See following URLs to see the reproduced NCL plot & script:

Import packages:

import cartopy.crs as ccrs
import matplotlib.pyplot as plt
import numpy as np
import xarray as xr
import cmaps

import geocat.datafiles as gdf
import geocat.viz as gv

Read in data:

# Open a netCDF data file using xarray default engine and load the data into
# xarrays and disable time decoding due to missing necessary metadata
ds = xr.open_dataset(gdf.get("netcdf_files/atmos.nc"), decode_times=False)
# Extract a slice of the data
ds = ds.isel(time=0, drop=True)
ds = ds.isel(lev=0, drop=True)
V = ds.V
# Ensure longitudes range from 0 to 360 degrees
V = gv.xr_add_cyclic_longitudes(V, "lon")

Plot unmasked data:

# Generate figure and projection using Cartopy
plt.figure(figsize=(7, 10))
proj = ccrs.LambertConformal(central_longitude=0, standard_parallels=(45, 89))
# Set axis projection
ax = plt.axes(projection=proj, frameon=False)
# Set extent to include all longitudes and the northern hemisphere
ax.set_extent((0, 359, 0, 89), crs=ccrs.PlateCarree())
ax.coastlines(linewidth=0.5)

# Plot data and create colorbar
newcmp = cmaps.BlWhRe

wind = V.plot.contourf(ax=ax,
                       cmap=newcmp,
                       transform=ccrs.PlateCarree(),
                       add_colorbar=False,
                       levels=24)
cbar = plt.colorbar(wind,
                    ax=ax,
                    orientation='horizontal',
                    drawedges=True,
                    ticks=np.arange(-48, 48, 8),
                    pad=0.1,
                    aspect=12)
cbar.ax.tick_params(length=0)  # remove tick marks but leave in labels

# Use geocat.viz.util convenience function to add left and right titles
gv.set_titles_and_labels(ax,
                         lefttitle=V.long_name,
                         lefttitlefontsize=16,
                         righttitle=V.units,
                         righttitlefontsize=16)

plt.show()
meridional wind component, m/s

Mask data

masked = V.where(V.lat > 20)
masked = masked.where(masked.lat < 80)
masked = masked.where(masked.lon > 90)
masked = masked.where(masked.lon < 220)

# Rotate data to match NCL example
masked['lon'] = masked['lon'] + 180

Plot masked data

# Generate figure and projection using Cartopy
plt.figure(figsize=(10, 7))
proj = ccrs.LambertConformal(central_longitude=-22.5,
                             standard_parallels=(45, 89))
# Set axis projection
ax = plt.axes(projection=proj)
ax.coastlines(linewidth=0.5)

# Make a custom boundary using convenience function
gv.set_map_boundary(ax, [-85, 40], [20, 80], south_pad=1)
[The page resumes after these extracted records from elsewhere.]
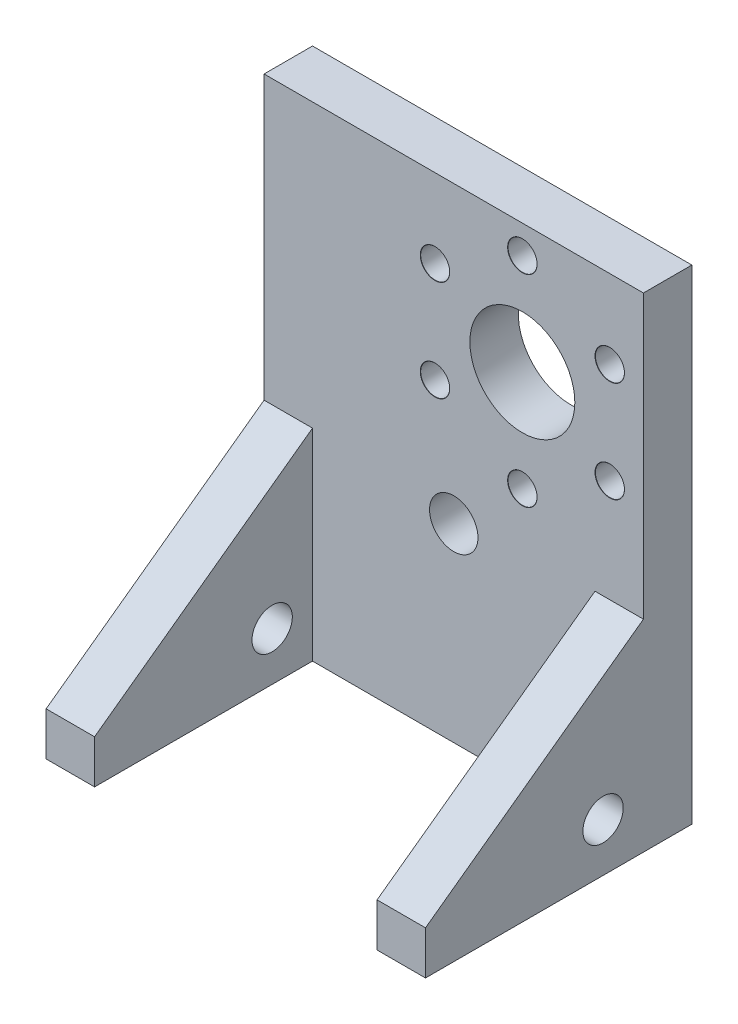
from build123d import *

# Parameters (mm, degrees)
SKETCH1_W                      = 6
SKETCH1_H                      = 27
BOSS_EXTRUDE1_DEPTH            = 5
BOSS_EXTRUDE2_START            = 5
BOSS_EXTRUDE2_DEPTH            = 55
CHAMFER1_SIZE                  = 20
CHAMFER1_SIZE_2                = 27.527638409
M3_CLEARANCE_HOLE1_D           = 3.6
M3_CLEARANCE_HOLE1_CSINK_D     = 3.65
M3_CLEARANCE_HOLE1_CSINK_ANGLE = 90
CUT_EXTRUDE1_DEPTH             = 70.865943062
CUT_EXTRUDE1_DEPTH_BACK        = 70.865943062
SKETCH4_R                      = 6.5
F_5_3_5_3_DIAMETER_HOLE1_D     = 5.3
F_5_3_5_3_DIAMETER_HOLE1_DEPTH = 7
F_5_3_5_3_DIAMETER_HOLE1_TIP   = 1.59228064
SKETCH10_R                     = 3
CUT_EXTRUDE2_DEPTH             = 10
SKETCH11_R                     = 2.5
CUT_EXTRUDE3_DEPTH             = 81.857900047


with BuildPart() as part:
    # Sketch1 → Boss-Extrude1 (new body)
    with BuildSketch(Plane(origin=(0, 0, 0), x_dir=(1, 0, 0), z_dir=(0, 1, 0))):
        with Locations((-20.5, -13.5)):
            Rectangle(SKETCH1_W, SKETCH1_H)
        Polygon((-23.5, 0), (-17.5, 0), (17.5, 0), (23.5, 0), (23.5, 6), (-23.5, 6), align=None)
        with Locations((20.5, -13.5)):
            Rectangle(SKETCH1_W, SKETCH1_H)
    extrude(amount=BOSS_EXTRUDE1_DEPTH)

    # Sketch1<3> → Boss-Extrude2 (add)
    with BuildSketch(Plane(origin=(0, 0, 0), x_dir=(1, 0, 0), z_dir=(0, 1, 0)).offset(BOSS_EXTRUDE2_START)):
        Polygon((-23.5, 0), (-17.5, 0), (17.5, 0), (23.5, 0), (23.5, 6), (-23.5, 6), align=None)
    extrude(amount=BOSS_EXTRUDE2_DEPTH)

    # Chamfer1
    # the kernel refuses this chamfer: 27.527638409, 20 mm, written as the material it adds along each edge
    with BuildSketch(Plane(origin=(-53.564551252, 5, 0), x_dir=(0, 0.9990705747005859, -0.043104370630376254), z_dir=(1, 0, 0))) as chamfer1_piece_1_section:
        Polygon((CHAMFER1_SIZE * 0.999070574701, CHAMFER1_SIZE * 0.0431043706304), (-CHAMFER1_SIZE_2 * 0.043104370631, CHAMFER1_SIZE_2 * 0.999070574716), (0, 0), align=None)
    chamfer1_piece_1 = extrude(amount=77.064551252, mode=Mode.PRIVATE)
    chamfer1_piece_1 = split(chamfer1_piece_1, bisect_by=Plane(origin=(-23.5, 11.537219217, 9.073559483), z_dir=(1, 0, 0)), keep=Keep.TOP, mode=Mode.PRIVATE)
    chamfer1_piece_1 = split(chamfer1_piece_1, bisect_by=Plane(origin=(-17.5, 11.537219217, 9.073559483), z_dir=(-1, 0, 0)), keep=Keep.TOP, mode=Mode.PRIVATE)
    chamfer1_piece_1 = split(chamfer1_piece_1, bisect_by=Plane(origin=(-20.5, 11.537219217, 27), z_dir=(0, 0, -1)), keep=Keep.TOP, mode=Mode.PRIVATE)
    add(chamfer1_piece_1)
    with BuildSketch(Plane(origin=(17.5, 5, 0), x_dir=(0, 0.9990705747005859, -0.04310437063037649), z_dir=(1, 0, 0))) as chamfer1_piece_2_section:
        Polygon((CHAMFER1_SIZE * 0.999070574701, CHAMFER1_SIZE * 0.0431043706304), (-CHAMFER1_SIZE_2 * 0.043104370631, CHAMFER1_SIZE_2 * 0.999070574716), (0, 0), align=None)
    chamfer1_piece_2 = extrude(amount=6, mode=Mode.PRIVATE)
    chamfer1_piece_2 = split(chamfer1_piece_2, bisect_by=Plane(origin=(20.5, 11.537219217, 27), z_dir=(0, 0, -1)), keep=Keep.TOP, mode=Mode.PRIVATE)
    add(chamfer1_piece_2)
    with BuildSketch(Plane(origin=(-23.5, 5, 0), x_dir=(0, -0.022768510603911572, 0.9997407638607518), z_dir=(1, 0, 0))) as chamfer1_piece_3_section:
        Polygon((CHAMFER1_SIZE_2 * 0.999740763876, -CHAMFER1_SIZE_2 * 0.0227685106043), (-CHAMFER1_SIZE * 0.0227685106039, -CHAMFER1_SIZE * 0.999740763861), (0, 0), align=None)
    chamfer1_piece_3 = extrude(amount=6, mode=Mode.PRIVATE)
    chamfer1_piece_3 = split(chamfer1_piece_3, bisect_by=Plane(origin=(-20.5, 11.537219217, 27), z_dir=(0, 0, -1)), keep=Keep.TOP, mode=Mode.PRIVATE)
    add(chamfer1_piece_3)
    with BuildSketch(Plane(origin=(-23.5, 5, 0), x_dir=(0, -0.022768510603911572, 0.9997407638607518), z_dir=(1, 0, 0))) as chamfer1_piece_4_section:
        Polygon((CHAMFER1_SIZE_2 * 0.999740763876, -CHAMFER1_SIZE_2 * 0.0227685106043), (-CHAMFER1_SIZE * 0.0227685106039, -CHAMFER1_SIZE * 0.999740763861), (0, 0), align=None)
    chamfer1_piece_4 = extrude(amount=77.064551252, mode=Mode.PRIVATE)
    chamfer1_piece_4 = split(chamfer1_piece_4, bisect_by=Plane(origin=(20.5, 11.537219217, 27), z_dir=(0, 0, -1)), keep=Keep.TOP, mode=Mode.PRIVATE)
    chamfer1_piece_4 = split(chamfer1_piece_4, bisect_by=Plane(origin=(23.5, 11.537219217, 9.073559483), z_dir=(-1, 0, 0)), keep=Keep.TOP, mode=Mode.PRIVATE)
    chamfer1_piece_4 = split(chamfer1_piece_4, bisect_by=Plane(origin=(17.5, 11.537219217, 9.073559483), z_dir=(1, 0, 0)), keep=Keep.TOP, mode=Mode.PRIVATE)
    add(chamfer1_piece_4)

    # M3 Clearance Hole1 (through all)
    with Locations(Plane.XY):
        with Locations((8.5, 56.5), (19.325317547, 50.25), (19.325317547, 37.75), (8.5, 31.5), (-2.325317547, 37.75), (-2.325317547, 50.25)):
            CounterSinkHole(M3_CLEARANCE_HOLE1_D / 2, M3_CLEARANCE_HOLE1_CSINK_D / 2, counter_sink_angle=M3_CLEARANCE_HOLE1_CSINK_ANGLE)

    # Sketch4 → Cut-Extrude1 (cut, two sides: drawn at the far end of the back side and taken through both)
    with BuildSketch(Plane.XY.offset(-CUT_EXTRUDE1_DEPTH_BACK)):
        with Locations((8.5, 44)):
            Circle(SKETCH4_R)
    extrude(amount=CUT_EXTRUDE1_DEPTH + CUT_EXTRUDE1_DEPTH_BACK, mode=Mode.SUBTRACT)

    # Ø5.3 (5.3) Diameter Hole1
    with Locations(Plane(origin=(0, 0, 0), x_dir=(-1, 0, 0), z_dir=(0, -1, 0))):
        with Locations((-20.5, 3), (-20.5, -15), (20.5, 3), (20.5, -15)):
            Hole(F_5_3_5_3_DIAMETER_HOLE1_D / 2, depth=F_5_3_5_3_DIAMETER_HOLE1_DEPTH)
            with Locations((0, 0, -(F_5_3_5_3_DIAMETER_HOLE1_DEPTH + F_5_3_5_3_DIAMETER_HOLE1_TIP / 2))):  # 118° drill point
                Cone(0, F_5_3_5_3_DIAMETER_HOLE1_D / 2, F_5_3_5_3_DIAMETER_HOLE1_TIP, mode=Mode.SUBTRACT)

    # Sketch10 → Cut-Extrude2 (cut)
    with BuildSketch(Plane.XY):
        with Locations((0, 23.5)):
            Circle(SKETCH10_R)
    extrude(amount=-CUT_EXTRUDE2_DEPTH, mode=Mode.SUBTRACT)

    # Sketch11 → Cut-Extrude3 (cut, through all)
    with BuildSketch(Plane.ZY.offset(23.5)):
        with Locations((5, 6)):
            Circle(SKETCH11_R)
    extrude(amount=-CUT_EXTRUDE3_DEPTH, mode=Mode.SUBTRACT)


solid = part.part
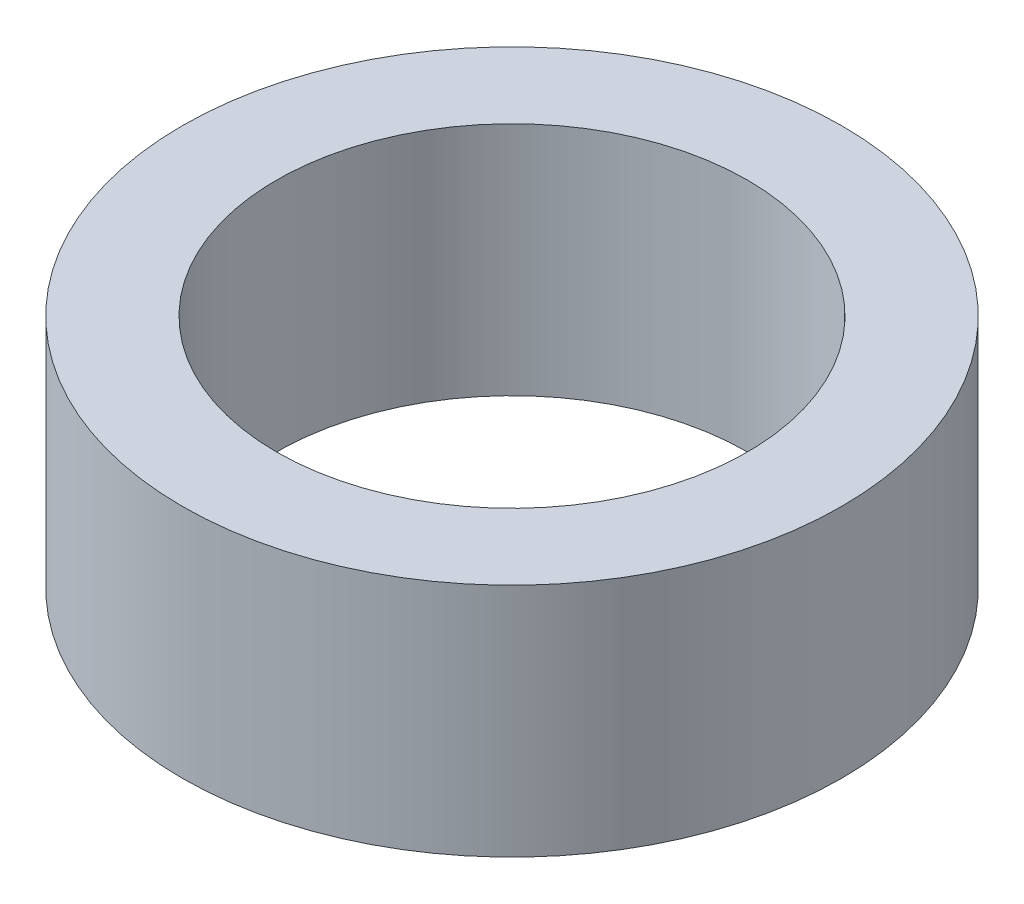
from build123d import *

# Parameters (mm, degrees)
SKETCH1_R           = 35
BOSS_EXTRUDE1_DEPTH = 25
SKETCH2_R           = 25
CUT_EXTRUDE1_DEPTH  = 56.452682532


with BuildPart() as part:
    # Sketch1 → Boss-Extrude1 (new body)
    with BuildSketch(Plane(origin=(0, 0, 0), x_dir=(1, 0, 0), z_dir=(0, 1, 0))):
        Circle(SKETCH1_R)
    extrude(amount=BOSS_EXTRUDE1_DEPTH)

    # Sketch2 → Cut-Extrude1 (cut, through all)
    with BuildSketch(Plane(origin=(0, 0, 0), x_dir=(1, 0, 0), z_dir=(0, 1, 0))):
        Circle(SKETCH2_R)
    extrude(amount=CUT_EXTRUDE1_DEPTH, mode=Mode.SUBTRACT)


solid = part.part
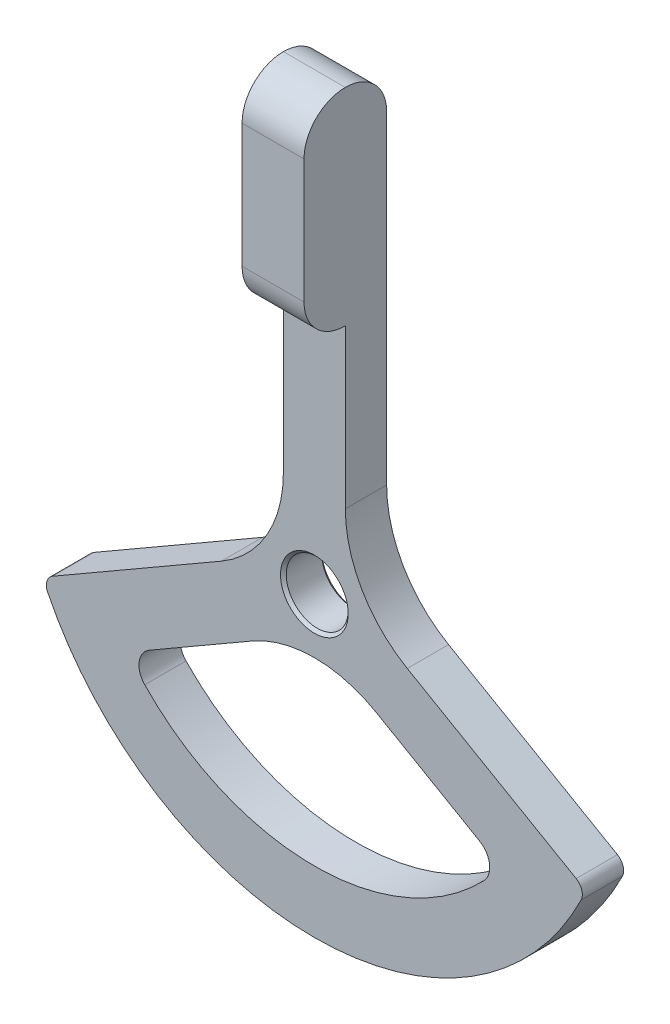
from build123d import *

# Parameters (mm, degrees)
EXTRUDE_1_DEPTH     = 5
FILLET_1_R          = 30
FILLET_2_R          = 5
SKETCH_9_W          = 10
SKETCH_9_H          = 50
EXTRUDE_3_DEPTH     = 15
FILLET_4_R          = 10
CUT_EXTRUDE_1_REACH = 130.55
SKETCH_10_R         = 7.5
CHAMFER_1_SIZE      = 0.7
FILLET_5_R          = 3


with BuildPart() as part:
    # 스케치2 → 보스-돌출1 (new, symmetric)
    with BuildSketch(Plane.XY):
        with BuildLine():
            Line((-65.764615213, -29.308964258), (-7.5, 4.330127019))
            Line((-7.5, 4.330127019), (-7.5, 110))
            Line((-7.5, 110), (0, 110))
            Line((0, 110), (7.5, 110))
            Line((7.5, 110), (7.5, 4.330127019))
            Line((7.5, 4.330127019), (65.764615213, -29.308964258))
            ThreePointArc((65.764615213, -29.308964258), (0, -72), (-65.764615213, -29.308964258))
        make_face()
        with BuildLine():
            Line((45.184267135, -34.747402831), (0, -8.660254038))
            Line((0, -8.660254038), (-45.184267135, -34.747402831))
            ThreePointArc((-45.184267135, -34.747402831), (0, -57), (45.184267135, -34.747402831))
        make_face(mode=Mode.SUBTRACT)
    extrude(amount=EXTRUDE_1_DEPTH, both=True)

    # 필렛1
    fillet_1_edges = [part.edges().sort_by_distance(p)[0] for p in [
        (-7.5, 4.330127019, 0),
        (7.5, 4.330127019, 0),
        (0, -8.660254038, 0),
    ]]
    fillet(fillet_1_edges, radius=FILLET_1_R)

    # 필렛2
    fillet_2_edges = [part.edges().sort_by_distance(p)[0] for p in [
        (-45.184267135, -34.747402831, 0),
        (45.184267135, -34.747402831, 0),
    ]]
    fillet(fillet_2_edges, radius=FILLET_2_R)

    # 스케치9 → 보스-돌출3 (add)
    with BuildSketch(Plane(origin=(7.5, 0, 0), x_dir=(0, 0, -1), z_dir=(1, 0, 0))):
        with Locations((-10, 85)):
            Rectangle(SKETCH_9_W, SKETCH_9_H)
    extrude(amount=-EXTRUDE_3_DEPTH)

    # 필렛4
    fillet_4_edges = [part.edges().sort_by_distance(p)[0] for p in [
        (0, 110, -5),
        (0, 110, 15),
        (0, 60, 15),
    ]]
    fillet(fillet_4_edges, radius=FILLET_4_R - 0.0001)  # a hair under: the kernel refuses the full size

    # 스케치10 → 컷-돌출1 (cut, up to next)
    with BuildSketch(Plane.XY.offset(5), mode=Mode.PRIVATE) as cut_extrude_1_sk1:
        Circle(SKETCH_10_R)
    cut_extrude_1_tool1 = extrude(cut_extrude_1_sk1.sketch, amount=-CUT_EXTRUDE_1_REACH, mode=Mode.PRIVATE) & part.part
    add(cut_extrude_1_tool1.solids().sort_by_distance((0, 0, 5))[0], mode=Mode.SUBTRACT)

    # 모따기1
    chamfer_1_edges = [part.edges().sort_by_distance(p)[0] for p in [
        (-7.5, 0, 5),
        (-7.5, 0, -5),
    ]]
    chamfer(chamfer_1_edges, length=CHAMFER_1_SIZE)

    # 필렛5
    fillet_5_edges = [part.edges().sort_by_distance(p)[0] for p in [
        (-65.764615213, -29.308964258, 0),
        (65.764615213, -29.308964258, 0),
    ]]
    fillet(fillet_5_edges, radius=FILLET_5_R)


solid = part.part

# Plot data and create colorbar
wind = masked.plot.contourf(ax=ax,
                            cmap=newcmp,
                            transform=ccrs.PlateCarree(),
                            add_colorbar=False,
                            levels=24)
cbar = plt.colorbar(wind,
                    ax=ax,
                    orientation='horizontal',
                    drawedges=True,
                    ticks=np.arange(-40, 44, 4),
                    pad=0.1,
                    aspect=18)
cbar.ax.tick_params(length=0)  # remove tick marks but leave in labels

# Use geocat.viz.util convenience function to add left and right titles
gv.set_titles_and_labels(ax,
                         lefttitle=V.long_name,
                         lefttitlefontsize=16,
                         righttitle=V.units,
                         righttitlefontsize=16)
plt.show()
meridional wind component, m/s

Total running time of the script: (0 minutes 1.409 seconds)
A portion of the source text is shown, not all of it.